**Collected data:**
○ ○ ○ ○ ○ ○ ○

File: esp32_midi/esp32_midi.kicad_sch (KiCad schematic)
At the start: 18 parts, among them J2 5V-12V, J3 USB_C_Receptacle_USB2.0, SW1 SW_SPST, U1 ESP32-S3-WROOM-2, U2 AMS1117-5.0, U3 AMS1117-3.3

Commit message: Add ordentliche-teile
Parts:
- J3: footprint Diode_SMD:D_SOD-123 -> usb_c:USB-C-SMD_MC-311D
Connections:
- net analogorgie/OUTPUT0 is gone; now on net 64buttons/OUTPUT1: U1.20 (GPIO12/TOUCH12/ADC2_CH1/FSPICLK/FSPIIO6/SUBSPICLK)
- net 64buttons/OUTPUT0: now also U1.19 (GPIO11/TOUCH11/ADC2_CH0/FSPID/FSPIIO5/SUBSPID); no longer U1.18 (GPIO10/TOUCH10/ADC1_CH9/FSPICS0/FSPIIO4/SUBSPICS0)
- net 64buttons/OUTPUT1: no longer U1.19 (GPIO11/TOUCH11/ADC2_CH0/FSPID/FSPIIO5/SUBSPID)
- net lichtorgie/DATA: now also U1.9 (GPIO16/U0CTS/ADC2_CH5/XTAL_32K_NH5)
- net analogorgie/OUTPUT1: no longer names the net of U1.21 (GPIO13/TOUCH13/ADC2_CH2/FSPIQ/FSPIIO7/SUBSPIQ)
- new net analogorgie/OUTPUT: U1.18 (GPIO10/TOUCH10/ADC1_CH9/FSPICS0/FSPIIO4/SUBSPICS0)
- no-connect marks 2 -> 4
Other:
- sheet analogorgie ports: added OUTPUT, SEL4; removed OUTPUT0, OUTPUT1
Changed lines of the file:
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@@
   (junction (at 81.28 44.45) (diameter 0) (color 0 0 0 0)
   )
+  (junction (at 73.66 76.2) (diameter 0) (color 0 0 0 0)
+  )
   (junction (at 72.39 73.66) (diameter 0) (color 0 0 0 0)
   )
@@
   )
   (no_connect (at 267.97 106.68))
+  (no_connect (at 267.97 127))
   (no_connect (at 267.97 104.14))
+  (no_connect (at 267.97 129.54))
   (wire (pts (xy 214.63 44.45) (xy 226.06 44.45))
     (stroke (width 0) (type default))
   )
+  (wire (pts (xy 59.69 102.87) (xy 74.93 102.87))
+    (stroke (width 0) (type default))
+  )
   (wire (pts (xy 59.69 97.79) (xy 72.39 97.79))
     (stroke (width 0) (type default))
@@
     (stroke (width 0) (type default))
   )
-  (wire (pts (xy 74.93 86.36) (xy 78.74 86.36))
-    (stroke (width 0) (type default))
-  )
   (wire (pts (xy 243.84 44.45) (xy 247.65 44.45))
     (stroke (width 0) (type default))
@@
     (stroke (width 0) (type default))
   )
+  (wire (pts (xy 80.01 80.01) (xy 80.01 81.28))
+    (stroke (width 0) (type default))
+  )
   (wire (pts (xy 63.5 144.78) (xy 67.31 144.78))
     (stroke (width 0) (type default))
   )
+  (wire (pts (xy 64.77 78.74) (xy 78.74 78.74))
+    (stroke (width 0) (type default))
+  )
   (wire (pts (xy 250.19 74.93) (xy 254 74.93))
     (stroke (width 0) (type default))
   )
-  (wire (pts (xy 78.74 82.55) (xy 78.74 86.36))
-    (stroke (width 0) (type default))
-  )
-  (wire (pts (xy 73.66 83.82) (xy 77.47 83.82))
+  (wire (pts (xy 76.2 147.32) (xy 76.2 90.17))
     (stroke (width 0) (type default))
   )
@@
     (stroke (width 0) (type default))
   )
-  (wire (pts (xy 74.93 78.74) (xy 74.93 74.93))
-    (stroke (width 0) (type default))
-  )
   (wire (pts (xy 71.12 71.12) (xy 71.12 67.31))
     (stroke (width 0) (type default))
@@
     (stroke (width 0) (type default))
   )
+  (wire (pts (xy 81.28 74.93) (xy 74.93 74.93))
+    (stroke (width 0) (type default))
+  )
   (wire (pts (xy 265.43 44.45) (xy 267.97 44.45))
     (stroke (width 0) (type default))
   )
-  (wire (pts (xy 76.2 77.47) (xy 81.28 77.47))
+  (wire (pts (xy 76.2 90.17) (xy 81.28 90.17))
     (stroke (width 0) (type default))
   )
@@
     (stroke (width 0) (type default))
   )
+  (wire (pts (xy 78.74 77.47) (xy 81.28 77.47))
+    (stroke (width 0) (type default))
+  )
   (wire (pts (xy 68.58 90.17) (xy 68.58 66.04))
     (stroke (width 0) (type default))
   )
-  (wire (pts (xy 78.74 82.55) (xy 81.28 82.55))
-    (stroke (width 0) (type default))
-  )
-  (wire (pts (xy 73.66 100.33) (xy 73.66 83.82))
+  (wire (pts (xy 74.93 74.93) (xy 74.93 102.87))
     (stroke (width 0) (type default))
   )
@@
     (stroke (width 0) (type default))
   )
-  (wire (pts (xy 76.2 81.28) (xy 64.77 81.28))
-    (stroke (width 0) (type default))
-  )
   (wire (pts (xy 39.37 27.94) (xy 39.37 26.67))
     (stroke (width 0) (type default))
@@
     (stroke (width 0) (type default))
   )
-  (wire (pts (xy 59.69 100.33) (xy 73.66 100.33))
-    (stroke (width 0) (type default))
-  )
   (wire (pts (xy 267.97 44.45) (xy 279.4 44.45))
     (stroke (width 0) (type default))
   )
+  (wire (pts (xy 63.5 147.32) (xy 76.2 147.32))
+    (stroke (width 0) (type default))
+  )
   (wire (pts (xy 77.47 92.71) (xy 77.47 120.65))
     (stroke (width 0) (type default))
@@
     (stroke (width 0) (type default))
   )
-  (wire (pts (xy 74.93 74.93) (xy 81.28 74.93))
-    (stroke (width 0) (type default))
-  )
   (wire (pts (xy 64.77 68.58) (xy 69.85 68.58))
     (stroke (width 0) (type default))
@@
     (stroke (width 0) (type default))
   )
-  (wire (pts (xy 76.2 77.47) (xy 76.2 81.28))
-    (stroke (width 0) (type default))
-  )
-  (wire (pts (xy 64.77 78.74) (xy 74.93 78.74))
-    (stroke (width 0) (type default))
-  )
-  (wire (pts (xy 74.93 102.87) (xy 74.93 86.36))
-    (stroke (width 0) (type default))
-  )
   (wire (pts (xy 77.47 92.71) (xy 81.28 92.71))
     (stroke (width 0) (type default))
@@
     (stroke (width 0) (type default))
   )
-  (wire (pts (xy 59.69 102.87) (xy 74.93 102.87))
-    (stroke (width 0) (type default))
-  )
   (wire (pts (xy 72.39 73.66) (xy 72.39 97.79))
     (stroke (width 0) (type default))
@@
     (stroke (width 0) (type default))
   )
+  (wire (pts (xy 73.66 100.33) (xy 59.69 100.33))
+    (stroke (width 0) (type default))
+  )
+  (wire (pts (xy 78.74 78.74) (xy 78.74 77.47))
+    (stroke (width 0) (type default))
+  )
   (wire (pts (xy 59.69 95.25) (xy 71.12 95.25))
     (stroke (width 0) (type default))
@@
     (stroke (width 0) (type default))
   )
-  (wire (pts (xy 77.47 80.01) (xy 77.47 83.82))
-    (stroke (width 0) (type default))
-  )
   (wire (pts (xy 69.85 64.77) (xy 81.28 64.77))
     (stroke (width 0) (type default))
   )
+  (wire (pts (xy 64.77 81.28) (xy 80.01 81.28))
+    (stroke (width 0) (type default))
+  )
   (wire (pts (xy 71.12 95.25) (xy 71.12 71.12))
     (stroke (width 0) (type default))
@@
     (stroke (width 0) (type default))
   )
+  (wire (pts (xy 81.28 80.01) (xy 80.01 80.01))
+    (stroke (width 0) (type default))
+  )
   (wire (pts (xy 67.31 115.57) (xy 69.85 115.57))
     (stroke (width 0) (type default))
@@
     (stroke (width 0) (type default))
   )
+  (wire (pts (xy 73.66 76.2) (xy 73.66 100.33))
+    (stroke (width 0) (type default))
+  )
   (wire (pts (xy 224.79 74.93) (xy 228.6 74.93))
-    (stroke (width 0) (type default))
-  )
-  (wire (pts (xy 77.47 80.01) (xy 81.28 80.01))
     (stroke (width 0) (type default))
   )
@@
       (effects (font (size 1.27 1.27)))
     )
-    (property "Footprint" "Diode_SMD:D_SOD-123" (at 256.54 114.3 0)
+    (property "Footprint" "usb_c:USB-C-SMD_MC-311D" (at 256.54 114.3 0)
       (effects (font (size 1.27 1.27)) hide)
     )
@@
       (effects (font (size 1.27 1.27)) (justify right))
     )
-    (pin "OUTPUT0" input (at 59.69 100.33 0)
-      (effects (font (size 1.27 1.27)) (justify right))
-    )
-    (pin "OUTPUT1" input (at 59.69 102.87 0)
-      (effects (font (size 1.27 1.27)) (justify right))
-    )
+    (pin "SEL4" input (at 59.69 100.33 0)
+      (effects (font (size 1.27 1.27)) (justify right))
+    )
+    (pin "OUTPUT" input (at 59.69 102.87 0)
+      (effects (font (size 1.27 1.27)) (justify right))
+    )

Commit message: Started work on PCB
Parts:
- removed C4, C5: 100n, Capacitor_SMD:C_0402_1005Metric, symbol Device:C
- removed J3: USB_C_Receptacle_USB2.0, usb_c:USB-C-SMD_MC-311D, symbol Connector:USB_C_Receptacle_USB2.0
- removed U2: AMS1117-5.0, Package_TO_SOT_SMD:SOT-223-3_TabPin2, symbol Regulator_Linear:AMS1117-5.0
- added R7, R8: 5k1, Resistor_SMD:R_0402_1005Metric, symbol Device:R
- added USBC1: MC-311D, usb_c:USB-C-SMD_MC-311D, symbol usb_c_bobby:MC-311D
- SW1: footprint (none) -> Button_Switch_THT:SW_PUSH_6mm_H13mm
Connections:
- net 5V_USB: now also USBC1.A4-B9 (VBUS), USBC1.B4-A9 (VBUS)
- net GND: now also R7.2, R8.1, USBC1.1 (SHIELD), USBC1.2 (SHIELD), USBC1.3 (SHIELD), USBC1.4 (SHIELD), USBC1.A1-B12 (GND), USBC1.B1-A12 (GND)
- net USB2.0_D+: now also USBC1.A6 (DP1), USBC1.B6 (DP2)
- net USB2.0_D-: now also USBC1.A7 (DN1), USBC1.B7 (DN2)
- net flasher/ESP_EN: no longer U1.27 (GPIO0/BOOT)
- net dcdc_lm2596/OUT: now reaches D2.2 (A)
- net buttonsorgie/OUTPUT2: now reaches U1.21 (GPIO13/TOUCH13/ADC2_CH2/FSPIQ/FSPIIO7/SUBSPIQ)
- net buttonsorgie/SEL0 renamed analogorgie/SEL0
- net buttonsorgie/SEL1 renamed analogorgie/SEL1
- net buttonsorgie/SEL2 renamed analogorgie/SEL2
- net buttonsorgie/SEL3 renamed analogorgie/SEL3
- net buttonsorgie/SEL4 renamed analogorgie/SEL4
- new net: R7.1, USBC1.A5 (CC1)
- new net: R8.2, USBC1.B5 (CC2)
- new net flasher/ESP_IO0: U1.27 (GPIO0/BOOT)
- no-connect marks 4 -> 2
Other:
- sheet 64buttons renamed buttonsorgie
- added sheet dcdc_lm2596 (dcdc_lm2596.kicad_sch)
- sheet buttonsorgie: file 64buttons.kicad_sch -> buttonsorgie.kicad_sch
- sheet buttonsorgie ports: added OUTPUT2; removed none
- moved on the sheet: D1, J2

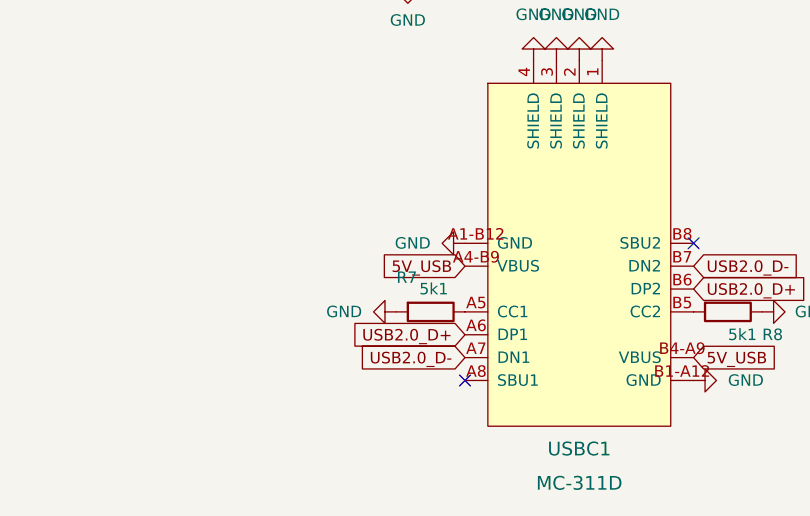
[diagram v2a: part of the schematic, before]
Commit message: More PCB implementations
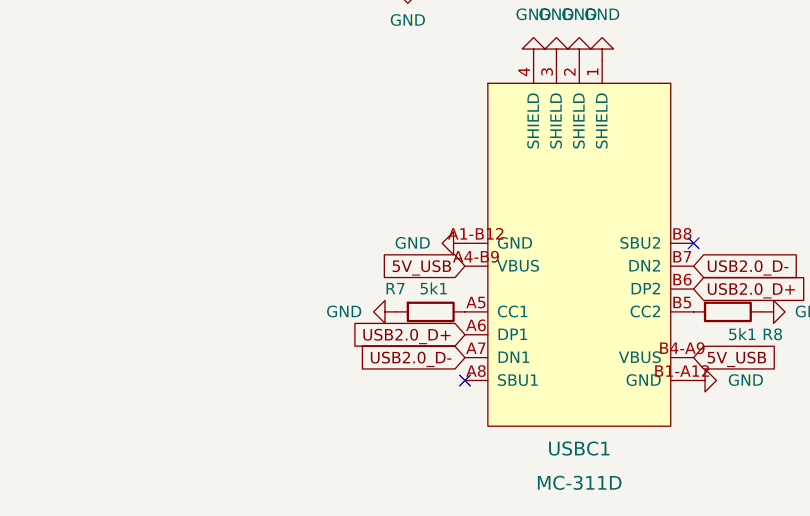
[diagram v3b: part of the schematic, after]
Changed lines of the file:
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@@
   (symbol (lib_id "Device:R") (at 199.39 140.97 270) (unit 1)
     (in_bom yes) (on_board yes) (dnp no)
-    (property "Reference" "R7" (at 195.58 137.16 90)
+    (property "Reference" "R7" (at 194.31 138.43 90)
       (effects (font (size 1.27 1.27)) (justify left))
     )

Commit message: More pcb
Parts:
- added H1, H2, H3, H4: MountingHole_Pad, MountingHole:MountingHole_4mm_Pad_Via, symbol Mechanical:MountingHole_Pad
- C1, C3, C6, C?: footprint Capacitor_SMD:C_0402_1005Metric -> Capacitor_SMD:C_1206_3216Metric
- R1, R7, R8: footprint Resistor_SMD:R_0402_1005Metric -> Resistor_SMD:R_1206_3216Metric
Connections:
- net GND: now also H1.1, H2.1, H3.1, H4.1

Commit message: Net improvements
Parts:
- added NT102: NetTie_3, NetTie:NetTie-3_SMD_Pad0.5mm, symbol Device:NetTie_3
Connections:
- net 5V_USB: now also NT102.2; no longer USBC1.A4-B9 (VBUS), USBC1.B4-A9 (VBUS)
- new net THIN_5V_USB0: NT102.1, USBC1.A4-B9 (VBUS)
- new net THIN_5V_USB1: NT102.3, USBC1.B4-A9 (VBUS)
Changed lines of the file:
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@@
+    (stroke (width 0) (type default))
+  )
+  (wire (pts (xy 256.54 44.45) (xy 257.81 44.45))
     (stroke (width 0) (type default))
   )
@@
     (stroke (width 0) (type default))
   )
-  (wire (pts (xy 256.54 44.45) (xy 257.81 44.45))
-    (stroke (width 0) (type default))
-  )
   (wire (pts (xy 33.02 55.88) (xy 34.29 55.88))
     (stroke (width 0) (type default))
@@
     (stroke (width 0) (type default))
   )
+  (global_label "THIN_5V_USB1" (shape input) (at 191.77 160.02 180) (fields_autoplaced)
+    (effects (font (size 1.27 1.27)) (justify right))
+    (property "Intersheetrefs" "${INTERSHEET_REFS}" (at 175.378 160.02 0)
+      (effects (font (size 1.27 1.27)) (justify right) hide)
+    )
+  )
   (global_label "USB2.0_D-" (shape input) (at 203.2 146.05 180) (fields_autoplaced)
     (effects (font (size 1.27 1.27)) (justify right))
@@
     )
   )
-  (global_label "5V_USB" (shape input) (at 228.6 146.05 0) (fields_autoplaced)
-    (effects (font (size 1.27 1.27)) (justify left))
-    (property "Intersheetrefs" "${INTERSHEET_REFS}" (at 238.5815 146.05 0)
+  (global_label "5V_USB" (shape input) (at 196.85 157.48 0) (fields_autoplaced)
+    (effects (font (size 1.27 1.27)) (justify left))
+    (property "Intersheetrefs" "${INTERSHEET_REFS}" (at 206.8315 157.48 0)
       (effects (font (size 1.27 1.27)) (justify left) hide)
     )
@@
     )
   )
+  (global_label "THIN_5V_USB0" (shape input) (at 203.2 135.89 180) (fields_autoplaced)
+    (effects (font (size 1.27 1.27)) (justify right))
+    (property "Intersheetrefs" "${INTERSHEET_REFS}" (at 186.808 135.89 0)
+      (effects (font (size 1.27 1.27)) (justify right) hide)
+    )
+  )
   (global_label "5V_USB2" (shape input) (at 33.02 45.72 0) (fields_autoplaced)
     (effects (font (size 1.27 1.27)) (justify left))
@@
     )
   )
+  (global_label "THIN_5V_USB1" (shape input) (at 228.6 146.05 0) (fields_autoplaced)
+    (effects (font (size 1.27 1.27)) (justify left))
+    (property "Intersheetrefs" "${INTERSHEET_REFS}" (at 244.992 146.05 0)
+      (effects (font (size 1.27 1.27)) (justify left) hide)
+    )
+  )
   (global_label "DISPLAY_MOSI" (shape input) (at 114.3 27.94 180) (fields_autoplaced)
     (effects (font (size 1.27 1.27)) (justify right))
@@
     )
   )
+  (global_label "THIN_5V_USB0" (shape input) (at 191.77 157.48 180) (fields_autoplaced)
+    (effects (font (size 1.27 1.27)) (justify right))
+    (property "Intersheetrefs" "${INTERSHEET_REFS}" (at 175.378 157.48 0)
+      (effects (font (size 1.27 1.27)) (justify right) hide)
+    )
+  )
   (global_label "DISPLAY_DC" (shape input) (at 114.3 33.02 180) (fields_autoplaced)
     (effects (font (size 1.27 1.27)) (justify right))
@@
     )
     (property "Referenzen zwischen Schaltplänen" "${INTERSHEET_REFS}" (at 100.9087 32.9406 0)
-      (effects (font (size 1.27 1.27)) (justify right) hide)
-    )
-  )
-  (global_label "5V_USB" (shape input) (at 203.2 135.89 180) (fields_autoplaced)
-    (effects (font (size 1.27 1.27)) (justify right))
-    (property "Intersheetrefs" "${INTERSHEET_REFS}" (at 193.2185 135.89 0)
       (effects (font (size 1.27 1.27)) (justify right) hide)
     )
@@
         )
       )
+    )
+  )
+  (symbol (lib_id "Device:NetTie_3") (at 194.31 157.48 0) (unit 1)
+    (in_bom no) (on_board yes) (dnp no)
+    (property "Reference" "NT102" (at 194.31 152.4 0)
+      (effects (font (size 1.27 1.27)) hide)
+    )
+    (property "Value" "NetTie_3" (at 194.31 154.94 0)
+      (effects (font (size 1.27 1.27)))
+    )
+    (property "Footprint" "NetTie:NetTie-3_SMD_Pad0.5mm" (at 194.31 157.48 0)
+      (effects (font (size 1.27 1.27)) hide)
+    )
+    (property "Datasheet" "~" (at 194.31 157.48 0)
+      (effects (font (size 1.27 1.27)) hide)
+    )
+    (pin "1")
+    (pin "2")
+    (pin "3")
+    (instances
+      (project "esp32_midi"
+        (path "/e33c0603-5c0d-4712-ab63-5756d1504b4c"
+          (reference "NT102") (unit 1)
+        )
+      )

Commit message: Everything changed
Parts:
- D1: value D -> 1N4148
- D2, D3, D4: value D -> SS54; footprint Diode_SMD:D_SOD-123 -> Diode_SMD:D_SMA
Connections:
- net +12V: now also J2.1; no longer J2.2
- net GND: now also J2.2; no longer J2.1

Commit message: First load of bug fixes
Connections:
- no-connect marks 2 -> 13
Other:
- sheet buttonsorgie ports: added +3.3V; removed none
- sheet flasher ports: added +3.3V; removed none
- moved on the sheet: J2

○ ○ ○ ○ ○ ○ ○

**What the task asks:** Your answer should be the lines above, from the line containing "- sheet 64buttons renamed buttonsorgie" up to and including the line containing "- moved on the sheet: D1, J2", reproduced exactly and with nothing else.

**Reply to the task:**
- sheet 64buttons renamed buttonsorgie
- added sheet dcdc_lm2596 (dcdc_lm2596.kicad_sch)
- sheet buttonsorgie: file 64buttons.kicad_sch -> buttonsorgie.kicad_sch
- sheet buttonsorgie ports: added OUTPUT2; removed none
- moved on the sheet: D1, J2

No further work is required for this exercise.